In KRaft mode, we can designate multiple Kafka instances as controllers. The single node can be either working solely as a broker or controller or performing both roles at once (very handy in smaller clusters). This is different from the legacy setup, where we had only one controller. Still, even though we can have multiple controllers, only one is active at the particular moment, and all others work on standby. If the active controller fails, one will take over its tasks.
Only the active controller can make changes to the cluster’s metadata. It persists the updates in a special internal topic (with just one partition) called __cluster_metadata. Messages from that topic are then replicated by all other controllers. This way all of them have almost the newest version of the data in their local replicas. This is a big deal - a new controller no longer has to fetch all the data from Zookeeper. It has all the data in its local log, maybe it just needs to catch up on a few missed messages.
The process of metadata replication is quite similar to data replication of regular Kafka topics. Replicas send the request to the sole partition leader (active controller) with the last offset they have seen and the leader responds with the newest messages. In a happy path scenario, they quickly catch up to the leader.
It has some key differences though. First of all, there’s no concept of in-sync replicas (ISR) that could take over when the leader is unavailable. The election of a new leader (and active controller at the same time) is always quorum based. As you could probably guess from the mode name (KRaft) the algorithm used for selecting the leader is Raft.
The active controller needs to regularly send heartbeats to other controllers. If it fails to do so, they conclude it has crashed and start a new election. Every controller assumes itself as the candidate and gets the last leader epoch it knows. It increases it by one and sends it along with requests to other controllers to vote for it. When the controller receives a request for a vote, it checks if it hasn’t seen requests with a later epoch or has already responded to a request with the same epoch. If not, it acknowledges the request. Before asking for votes, controllers wait a random amount of time. This is a countermeasure to prevent all nodes from sending requests at the same time. The controller that gets the quorum of the votes becomes the new leader.

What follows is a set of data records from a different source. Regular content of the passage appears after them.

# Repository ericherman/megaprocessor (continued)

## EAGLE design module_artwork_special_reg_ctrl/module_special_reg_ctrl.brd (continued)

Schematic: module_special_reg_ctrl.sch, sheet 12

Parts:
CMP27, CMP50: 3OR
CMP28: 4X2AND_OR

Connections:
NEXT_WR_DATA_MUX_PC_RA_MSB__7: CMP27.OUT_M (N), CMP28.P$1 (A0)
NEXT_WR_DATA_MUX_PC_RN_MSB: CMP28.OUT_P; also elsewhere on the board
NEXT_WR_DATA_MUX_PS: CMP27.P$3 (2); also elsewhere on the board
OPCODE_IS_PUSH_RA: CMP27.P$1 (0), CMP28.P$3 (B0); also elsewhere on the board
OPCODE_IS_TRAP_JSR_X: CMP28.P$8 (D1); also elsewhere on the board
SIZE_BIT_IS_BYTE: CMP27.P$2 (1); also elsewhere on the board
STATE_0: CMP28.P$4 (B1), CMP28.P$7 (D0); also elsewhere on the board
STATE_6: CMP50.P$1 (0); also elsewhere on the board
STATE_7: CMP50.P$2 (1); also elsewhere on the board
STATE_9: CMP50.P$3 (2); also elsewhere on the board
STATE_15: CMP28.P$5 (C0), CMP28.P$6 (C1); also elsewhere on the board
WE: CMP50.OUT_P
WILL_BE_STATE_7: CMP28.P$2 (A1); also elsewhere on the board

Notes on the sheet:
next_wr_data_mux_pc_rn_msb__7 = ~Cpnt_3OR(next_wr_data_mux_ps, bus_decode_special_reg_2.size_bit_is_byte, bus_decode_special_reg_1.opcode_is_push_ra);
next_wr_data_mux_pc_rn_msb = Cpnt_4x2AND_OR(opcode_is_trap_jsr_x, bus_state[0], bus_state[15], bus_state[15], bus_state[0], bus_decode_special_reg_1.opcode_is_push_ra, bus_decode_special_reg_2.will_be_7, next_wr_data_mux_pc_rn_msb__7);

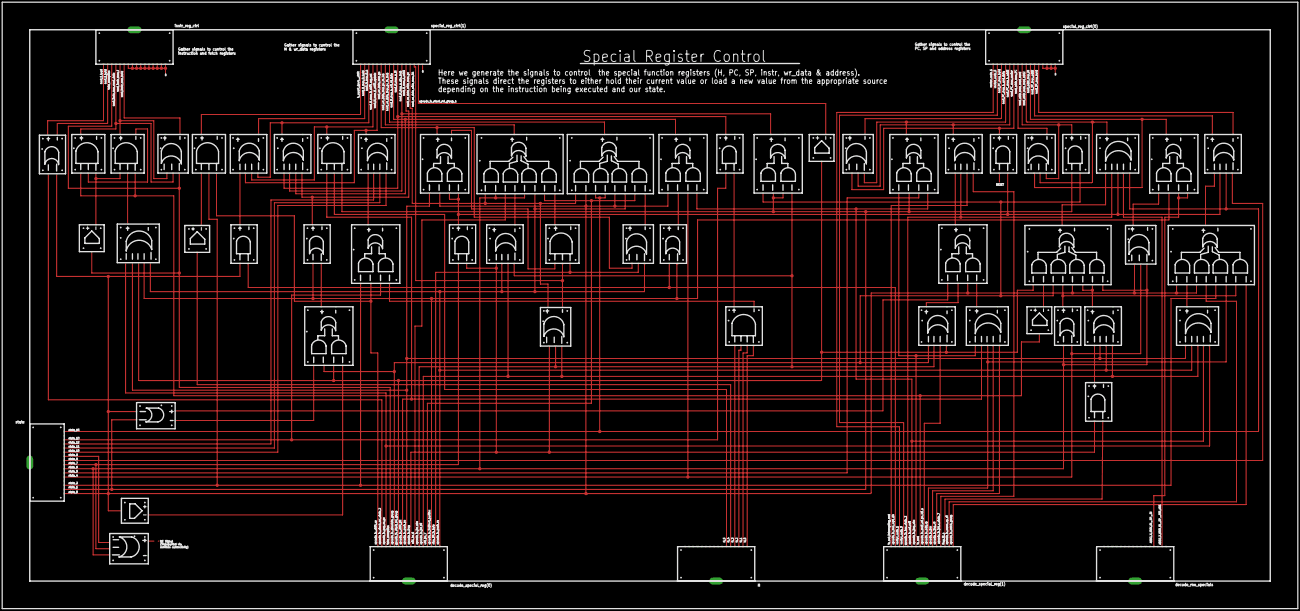
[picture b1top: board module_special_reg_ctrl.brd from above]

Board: 2 copper layers, 1193.8 x 558.8 mm, 61 parts (0 on the bottom side), 115 nets.

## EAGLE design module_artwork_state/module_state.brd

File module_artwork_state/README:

State Machine

The state machine controls the operation of the processor; directing the
execution of each instruction.

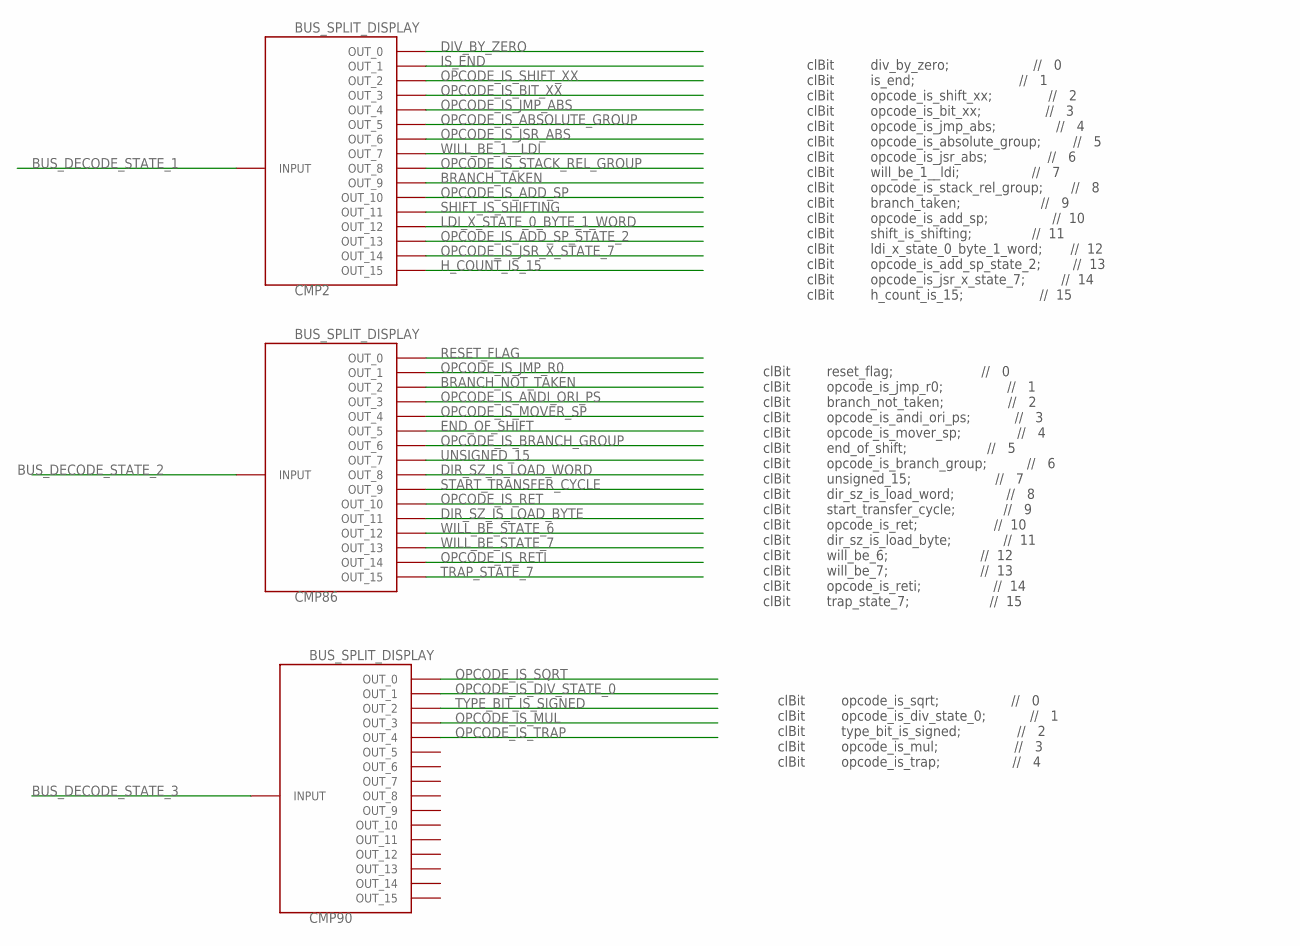
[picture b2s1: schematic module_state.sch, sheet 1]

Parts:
CMP2, CMP86, CMP90: BUS_SPLIT_DISPLAY

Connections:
BRANCH_NOT_TAKEN: CMP86.P$3 (OUT_2); also elsewhere on the board
BRANCH_TAKEN: CMP2.P$10 (OUT_9); also elsewhere on the board
BUS_DECODE_STATE_1: CMP2.INPUT
BUS_DECODE_STATE_2: CMP86.INPUT
BUS_DECODE_STATE_3: CMP90.INPUT
DIR_SZ_IS_LOAD_BYTE: CMP86.P$12 (OUT_11); also elsewhere on the board
DIR_SZ_IS_LOAD_WORD: CMP86.P$9 (OUT_8); also elsewhere on the board
DIV_BY_ZERO: CMP2.P$1 (OUT_0); also elsewhere on the board
END_OF_SHIFT: CMP86.P$6 (OUT_5); also elsewhere on the board
H_COUNT_IS_15: CMP2.P$16 (OUT_15); also elsewhere on the board
IS_END: CMP2.P$2 (OUT_1); also elsewhere on the board
LDI_X_STATE_0_BYTE_1_WORD: CMP2.P$13 (OUT_12); also elsewhere on the board
OPCODE_IS_ABSOLUTE_GROUP: CMP2.P$6 (OUT_5); also elsewhere on the board
OPCODE_IS_ADD_SP: CMP2.P$11 (OUT_10); also elsewhere on the board
OPCODE_IS_ADD_SP_STATE_2: CMP2.P$14 (OUT_13); also elsewhere on the board
OPCODE_IS_ANDI_ORI_PS: CMP86.P$4 (OUT_3); also elsewhere on the board
OPCODE_IS_BIT_XX: CMP2.P$4 (OUT_3); also elsewhere on the board
OPCODE_IS_BRANCH_GROUP: CMP86.P$7 (OUT_6); also elsewhere on the board
OPCODE_IS_DIV_STATE_0: CMP90.P$2 (OUT_1); also elsewhere on the board
OPCODE_IS_JMP_ABS: CMP2.P$5 (OUT_4); also elsewhere on the board
OPCODE_IS_JMP_R0: CMP86.P$2 (OUT_1); also elsewhere on the board
OPCODE_IS_JSR_ABS: CMP2.P$7 (OUT_6); also elsewhere on the board
OPCODE_IS_JSR_X_STATE_7: CMP2.P$15 (OUT_14); also elsewhere on the board
OPCODE_IS_MOVER_SP: CMP86.P$5 (OUT_4); also elsewhere on the board
OPCODE_IS_MUL: CMP90.P$4 (OUT_3); also elsewhere on the board
OPCODE_IS_RET: CMP86.P$11 (OUT_10); also elsewhere on the board
OPCODE_IS_RETI: CMP86.P$15 (OUT_14); also elsewhere on the board
OPCODE_IS_SHIFT_XX: CMP2.P$3 (OUT_2); also elsewhere on the board
OPCODE_IS_SQRT: CMP90.P$1 (OUT_0); also elsewhere on the board
OPCODE_IS_STACK_REL_GROUP: CMP2.P$9 (OUT_8); also elsewhere on the board
OPCODE_IS_TRAP: CMP90.P$5 (OUT_4); also elsewhere on the board
RESET_FLAG: CMP86.P$1 (OUT_0); also elsewhere on the board
SHIFT_IS_SHIFTING: CMP2.P$12 (OUT_11); also elsewhere on the board
START_TRANSFER_CYCLE: CMP86.P$10 (OUT_9); also elsewhere on the board
TRAP_STATE_7: CMP86.P$16 (OUT_15); also elsewhere on the board
TYPE_BIT_IS_SIGNED: CMP90.P$3 (OUT_2); also elsewhere on the board
UNSIGNED_15: CMP86.P$8 (OUT_7); also elsewhere on the board
WILL_BE_1__LDI: CMP2.P$8 (OUT_7); also elsewhere on the board
WILL_BE_STATE_6: CMP86.P$13 (OUT_12); also elsewhere on the board
WILL_BE_STATE_7: CMP86.P$14 (OUT_13); also elsewhere on the board

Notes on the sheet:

The offset committing mechanism for metadata is also different than in regular topics. Kafka needs to enforce fsync upon appending the new message to the metadata topic. This ensures messages are stored durably on the log, which is required to guarantee the Raft algorithm's correctness. Every record is tagged with the leader epoch number, which can be used to reconcile logs after the election of a new active controller.
How important is KRaft?
KRaft is a giant leap forward for Kafka. It improves the performance of crucial actions, like the recovery time in case of controller failure. It also addresses other limitations of Kafka. With ZK-based metadata management, it takes O(n) to create or delete the topic (where n is a number of already existing topics), because the controller must load the full list of all topic names from ZooKeeper. With KRaft, those actions take O(1).
Without ZooKeeper the setup of Kafka is much smoother. We no longer need to care about ZK performance and fine-tuning. An often overlooked advantage of KRaft is improved developer experience. When we wanted to start a small local cluster of a single Kafka node for testing, we still needed to bring up the Zookeeper. Thanks to KRaft, it’s no longer the case.
Look into the future
Getting rid of ZooKeeper dependency is one of the most awaited features in Kafka’s history. Version 4.0, scheduled for 2024, will drop the support for Zookeeper, and at this point, we’ll be able to say that the epic journey is finally over.